The guidelines draw attention to the importance of the authorization and the related supervisory activity being focused on those entities, the purpose of which is to truly carry on the business as credit institutions; to this end, they also clarify cases—for example business restructuring—where authorization is needed. The guidelines also
- cover the authorization requirements set out in the Capital Requirements Directive (CRD).
- advocate for a risk-based approach.
- consider the proportionality principle for all relevant assessment criteria.
- are technology neutral and thus apply to both traditional and innovative business models and/or delivery mechanisms.
- align with the regulatory technical standards on information for authorization and underscore the importance of consistency with the supervisory approaches applied to going concerns.
- include guidance on money laundering or terrorist financing (ML/TF) risks and highlight the importance of cooperation with the anti-money laundering (AML) supervisor and other public bodies, in accordance the CRD.

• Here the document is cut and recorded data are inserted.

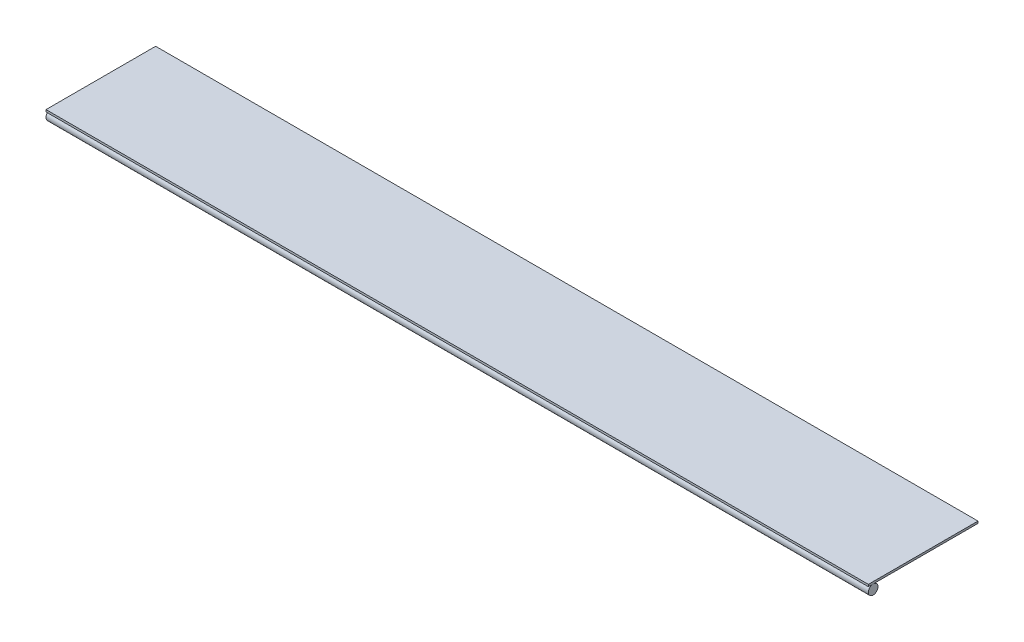
ISO-10303-21;
HEADER;
FILE_DESCRIPTION(('STEP AP214'),'2;1');
FILE_NAME('part.step','',(''),(''),'','','');
FILE_SCHEMA(('AUTOMOTIVE_DESIGN { 1 0 10303 214 1 1 1 1 }'));
ENDSEC;
DATA;
#1=APPLICATION_CONTEXT('core data for automotive mechanical design processes');
#2=APPLICATION_PROTOCOL_DEFINITION('international standard','automotive_design',2000,#1);
#3=PRODUCT_CONTEXT('',#1,'mechanical');
#4=PRODUCT('Part','Part','',(#3));
#5=PRODUCT_RELATED_PRODUCT_CATEGORY('part','',(#4));
#6=PRODUCT_DEFINITION_FORMATION('','',#4);
#7=PRODUCT_DEFINITION_CONTEXT('part definition',#1,'design');
#8=PRODUCT_DEFINITION('design','',#6,#7);
#9=PRODUCT_DEFINITION_SHAPE('','',#8);
#10=(LENGTH_UNIT() NAMED_UNIT(*) SI_UNIT(.MILLI.,.METRE.));
#11=(NAMED_UNIT(*) PLANE_ANGLE_UNIT() SI_UNIT($,.RADIAN.));
#12=(NAMED_UNIT(*) SI_UNIT($,.STERADIAN.) SOLID_ANGLE_UNIT());
#13=UNCERTAINTY_MEASURE_WITH_UNIT(LENGTH_MEASURE(1.E-05),#10,'distance_accuracy_value','');
#14=(GEOMETRIC_REPRESENTATION_CONTEXT(3) GLOBAL_UNCERTAINTY_ASSIGNED_CONTEXT((#13)) GLOBAL_UNIT_ASSIGNED_CONTEXT((#10,
#11,#12)) REPRESENTATION_CONTEXT('',''));
#15=CARTESIAN_POINT('',(0.,0.,0.));
#16=DIRECTION('',(0.,0.,1.));
#17=DIRECTION('',(1.,0.,0.));
#18=AXIS2_PLACEMENT_3D('',#15,#16,#17);
#19=CARTESIAN_POINT('',(-150.,-1.76,18.24));
#20=DIRECTION('',(1.,0.,0.));
#21=DIRECTION('',(0.,0.,-1.));
#22=AXIS2_PLACEMENT_3D('',#19,#20,#21);
#23=CYLINDRICAL_SURFACE('',#22,1.76);
#24=CARTESIAN_POINT('',(-150.,-1.76,18.24));
#25=DIRECTION('',(1.,0.,0.));
#26=DIRECTION('',(0.,0.,-1.));
#27=AXIS2_PLACEMENT_3D('',#24,#25,#26);
#28=CIRCLE('',#27,1.76);
#29=CARTESIAN_POINT('',(-150.,-1.76,16.48));
#30=VERTEX_POINT('',#29);
#31=EDGE_CURVE('E11',#30,#30,#28,.T.);
#32=ORIENTED_EDGE('',*,*,#31,.T.);
#33=EDGE_LOOP('',(#32));
#34=FACE_BOUND('',#33,.T.);
#35=CARTESIAN_POINT('',(150.,-1.76,18.24));
#36=DIRECTION('',(1.,0.,0.));
#37=DIRECTION('',(0.,0.,-1.));
#38=AXIS2_PLACEMENT_3D('',#35,#36,#37);
#39=CIRCLE('',#38,1.76);
#40=CARTESIAN_POINT('',(150.,-1.76,16.48));
#41=VERTEX_POINT('',#40);
#42=EDGE_CURVE('E47',#41,#41,#39,.T.);
#43=ORIENTED_EDGE('',*,*,#42,.F.);
#44=EDGE_LOOP('',(#43));
#45=FACE_BOUND('',#44,.T.);
#46=ADVANCED_FACE('F44',(#34,#45),#23,.T.);
#47=CARTESIAN_POINT('',(-150.,-1.76,18.24));
#48=DIRECTION('',(1.,0.,0.));
#49=DIRECTION('',(0.,0.,-1.));
#50=AXIS2_PLACEMENT_3D('',#47,#48,#49);
#51=PLANE('',#50);
#52=ORIENTED_EDGE('',*,*,#31,.F.);
#53=EDGE_LOOP('',(#52));
#54=FACE_BOUND('',#53,.T.);
#55=ADVANCED_FACE('F59',(#54),#51,.F.);
#56=CARTESIAN_POINT('',(150.,-1.76,18.24));
#57=DIRECTION('',(1.,0.,0.));
#58=DIRECTION('',(0.,0.,-1.));
#59=AXIS2_PLACEMENT_3D('',#56,#57,#58);
#60=PLANE('',#59);
#61=ORIENTED_EDGE('',*,*,#42,.T.);
#62=EDGE_LOOP('',(#61));
#63=FACE_BOUND('',#62,.T.);
#64=ADVANCED_FACE('F56',(#63),#60,.T.);
#65=CLOSED_SHELL('',(#46,#55,#64));
#66=MANIFOLD_SOLID_BREP('B2',#65);
#67=CARTESIAN_POINT('',(-150.,0.75,20.));
#68=DIRECTION('',(1.,0.,0.));
#69=DIRECTION('',(0.,0.,-1.));
#70=AXIS2_PLACEMENT_3D('',#67,#68,#69);
#71=PLANE('',#70);
#72=DIRECTION('',(0.,0.,1.));
#73=VECTOR('',#72,1.);
#74=CARTESIAN_POINT('',(-150.,0.,20.));
#75=LINE('',#74,#73);
#76=CARTESIAN_POINT('',(-150.,0.,-20.));
#77=VERTEX_POINT('',#76);
#78=CARTESIAN_POINT('',(-150.,0.,20.));
#79=VERTEX_POINT('',#78);
#80=EDGE_CURVE('E148',#77,#79,#75,.T.);
#81=ORIENTED_EDGE('',*,*,#80,.T.);
#82=DIRECTION('',(0.,-1.,0.));
#83=VECTOR('',#82,1.);
#84=CARTESIAN_POINT('',(-150.,0.75,20.));
#85=LINE('',#84,#83);
#86=CARTESIAN_POINT('',(-150.,0.75,20.));
#87=VERTEX_POINT('',#86);
#88=EDGE_CURVE('E42',#87,#79,#85,.T.);
#89=ORIENTED_EDGE('',*,*,#88,.F.);
#90=DIRECTION('',(0.,0.,1.));
#91=VECTOR('',#90,1.);
#92=CARTESIAN_POINT('',(-150.,0.75,20.));
#93=LINE('',#92,#91);
#94=CARTESIAN_POINT('',(-150.,0.75,-20.));
#95=VERTEX_POINT('',#94);
#96=EDGE_CURVE('E135',#95,#87,#93,.T.);
#97=ORIENTED_EDGE('',*,*,#96,.F.);
#98=DIRECTION('',(0.,-1.,0.));
#99=VECTOR('',#98,1.);
#100=CARTESIAN_POINT('',(-150.,0.75,-20.));
#101=LINE('',#100,#99);
#102=EDGE_CURVE('E144',#95,#77,#101,.T.);
#103=ORIENTED_EDGE('',*,*,#102,.T.);
#104=EDGE_LOOP('',(#81,#89,#97,#103));
#105=FACE_BOUND('',#104,.T.);
#106=ADVANCED_FACE('F84',(#105),#71,.F.);
#107=CARTESIAN_POINT('',(150.,0.75,20.));
#108=DIRECTION('',(0.,0.,-1.));
#109=DIRECTION('',(-1.,0.,0.));
#110=AXIS2_PLACEMENT_3D('',#107,#108,#109);
#111=PLANE('',#110);
#112=DIRECTION('',(1.,0.,0.));
#113=VECTOR('',#112,1.);
#114=CARTESIAN_POINT('',(150.,0.,20.));
#115=LINE('',#114,#113);
#116=CARTESIAN_POINT('',(150.,0.,20.));
#117=VERTEX_POINT('',#116);
#118=EDGE_CURVE('E140',#79,#117,#115,.T.);
#119=ORIENTED_EDGE('',*,*,#118,.T.);
#120=DIRECTION('',(0.,-1.,0.));
#121=VECTOR('',#120,1.);
#122=CARTESIAN_POINT('',(150.,0.75,20.));
#123=LINE('',#122,#121);
#124=CARTESIAN_POINT('',(150.,0.75,20.));
#125=VERTEX_POINT('',#124);
#126=EDGE_CURVE('E92',#125,#117,#123,.T.);
#127=ORIENTED_EDGE('',*,*,#126,.F.);
#128=DIRECTION('',(1.,0.,0.));
#129=VECTOR('',#128,1.);
#130=CARTESIAN_POINT('',(150.,0.75,20.));
#131=LINE('',#130,#129);
#132=EDGE_CURVE('E130',#87,#125,#131,.T.);
#133=ORIENTED_EDGE('',*,*,#132,.F.);
#134=ORIENTED_EDGE('',*,*,#88,.T.);
#135=EDGE_LOOP('',(#119,#127,#133,#134));
#136=FACE_BOUND('',#135,.T.);
#137=ADVANCED_FACE('F138',(#136),#111,.F.);
#138=CARTESIAN_POINT('',(150.,0.75,20.));
#139=DIRECTION('',(-1.,0.,0.));
#140=DIRECTION('',(0.,0.,1.));
#141=AXIS2_PLACEMENT_3D('',#138,#139,#140);
#142=PLANE('',#141);
#143=DIRECTION('',(0.,0.,-1.));
#144=VECTOR('',#143,1.);
#145=CARTESIAN_POINT('',(150.,0.,20.));
#146=LINE('',#145,#144);
#147=CARTESIAN_POINT('',(150.,0.,-20.));
#148=VERTEX_POINT('',#147);
#149=EDGE_CURVE('E117',#117,#148,#146,.T.);
#150=ORIENTED_EDGE('',*,*,#149,.T.);
#151=DIRECTION('',(0.,-1.,0.));
#152=VECTOR('',#151,1.);
#153=CARTESIAN_POINT('',(150.,0.75,-20.));
#154=LINE('',#153,#152);
#155=CARTESIAN_POINT('',(150.,0.75,-20.));
#156=VERTEX_POINT('',#155);
#157=EDGE_CURVE('E141',#156,#148,#154,.T.);
#158=ORIENTED_EDGE('',*,*,#157,.F.);
#159=DIRECTION('',(0.,0.,-1.));
#160=VECTOR('',#159,1.);
#161=CARTESIAN_POINT('',(150.,0.75,20.));
#162=LINE('',#161,#160);
#163=EDGE_CURVE('E133',#125,#156,#162,.T.);
#164=ORIENTED_EDGE('',*,*,#163,.F.);
#165=ORIENTED_EDGE('',*,*,#126,.T.);
#166=EDGE_LOOP('',(#150,#158,#164,#165));
#167=FACE_BOUND('',#166,.T.);
#168=ADVANCED_FACE('F142',(#167),#142,.F.);
#169=CARTESIAN_POINT('',(150.,0.75,-20.));
#170=DIRECTION('',(0.,0.,1.));
#171=DIRECTION('',(1.,0.,0.));
#172=AXIS2_PLACEMENT_3D('',#169,#170,#171);
#173=PLANE('',#172);
#174=DIRECTION('',(-1.,0.,0.));
#175=VECTOR('',#174,1.);
#176=CARTESIAN_POINT('',(150.,0.,-20.));
#177=LINE('',#176,#175);
#178=EDGE_CURVE('E123',#148,#77,#177,.T.);
#179=ORIENTED_EDGE('',*,*,#178,.T.);
#180=ORIENTED_EDGE('',*,*,#102,.F.);
#181=DIRECTION('',(-1.,0.,0.));
#182=VECTOR('',#181,1.);
#183=CARTESIAN_POINT('',(150.,0.75,-20.));
#184=LINE('',#183,#182);
#185=EDGE_CURVE('E100',#156,#95,#184,.T.);
#186=ORIENTED_EDGE('',*,*,#185,.F.);
#187=ORIENTED_EDGE('',*,*,#157,.T.);
#188=EDGE_LOOP('',(#179,#180,#186,#187));
#189=FACE_BOUND('',#188,.T.);
#190=ADVANCED_FACE('F154',(#189),#173,.F.);
#191=CARTESIAN_POINT('',(0.,0.75,0.));
#192=DIRECTION('',(0.,1.,0.));
#193=DIRECTION('',(0.,0.,1.));
#194=AXIS2_PLACEMENT_3D('',#191,#192,#193);
#195=PLANE('',#194);
#196=ORIENTED_EDGE('',*,*,#96,.T.);
#197=ORIENTED_EDGE('',*,*,#132,.T.);
#198=ORIENTED_EDGE('',*,*,#163,.T.);
#199=ORIENTED_EDGE('',*,*,#185,.T.);
#200=EDGE_LOOP('',(#196,#197,#198,#199));
#201=FACE_BOUND('',#200,.T.);
#202=ADVANCED_FACE('F131',(#201),#195,.T.);
#203=CARTESIAN_POINT('',(0.,0.,0.));
#204=DIRECTION('',(0.,1.,0.));
#205=DIRECTION('',(0.,0.,1.));
#206=AXIS2_PLACEMENT_3D('',#203,#204,#205);
#207=PLANE('',#206);
#208=ORIENTED_EDGE('',*,*,#118,.F.);
#209=ORIENTED_EDGE('',*,*,#80,.F.);
#210=ORIENTED_EDGE('',*,*,#178,.F.);
#211=ORIENTED_EDGE('',*,*,#149,.F.);
#212=EDGE_LOOP('',(#208,#209,#210,#211));
#213=FACE_BOUND('',#212,.T.);
#214=ADVANCED_FACE('F157',(#213),#207,.F.);
#215=CLOSED_SHELL('',(#106,#137,#168,#190,#202,#214));
#216=MANIFOLD_SOLID_BREP('B6',#215);
#217=ADVANCED_BREP_SHAPE_REPRESENTATION('',(#18,#66,#216),#14);
#218=SHAPE_DEFINITION_REPRESENTATION(#9,#217);
ENDSEC;
END-ISO-10303-21;

To foster convergence with respect to the assessment of the business plan, the guidelines lay down a thorough and comprehensive methodology that will support the competent authorities’ comprehensive understanding of the business model, the risk profile, the geographical distribution of the activities, and the viability and sustainability of the credit institution business undertaking; this will form the basis for the determination of the capital at authorization and further prudential requirements. Similarly, the guidelines underscore the importance of the organizational structure, internal governance framework, and control being commensurate with the business plan, to ensure that the credit institution will be able to perform the targeted activities in a sound and prudent manner. To assess compliance with the internal governance requirements, the common assessment methodology provides guidance on the main elements and aspects to be assessed. The guidelines clarify that this is without prejudice to the application of additional parts of the relevant applicable regulatory sources and specify that the competent authorities’ assessment should aim to ensure compliance of the credit institution with the referred regulatory sources.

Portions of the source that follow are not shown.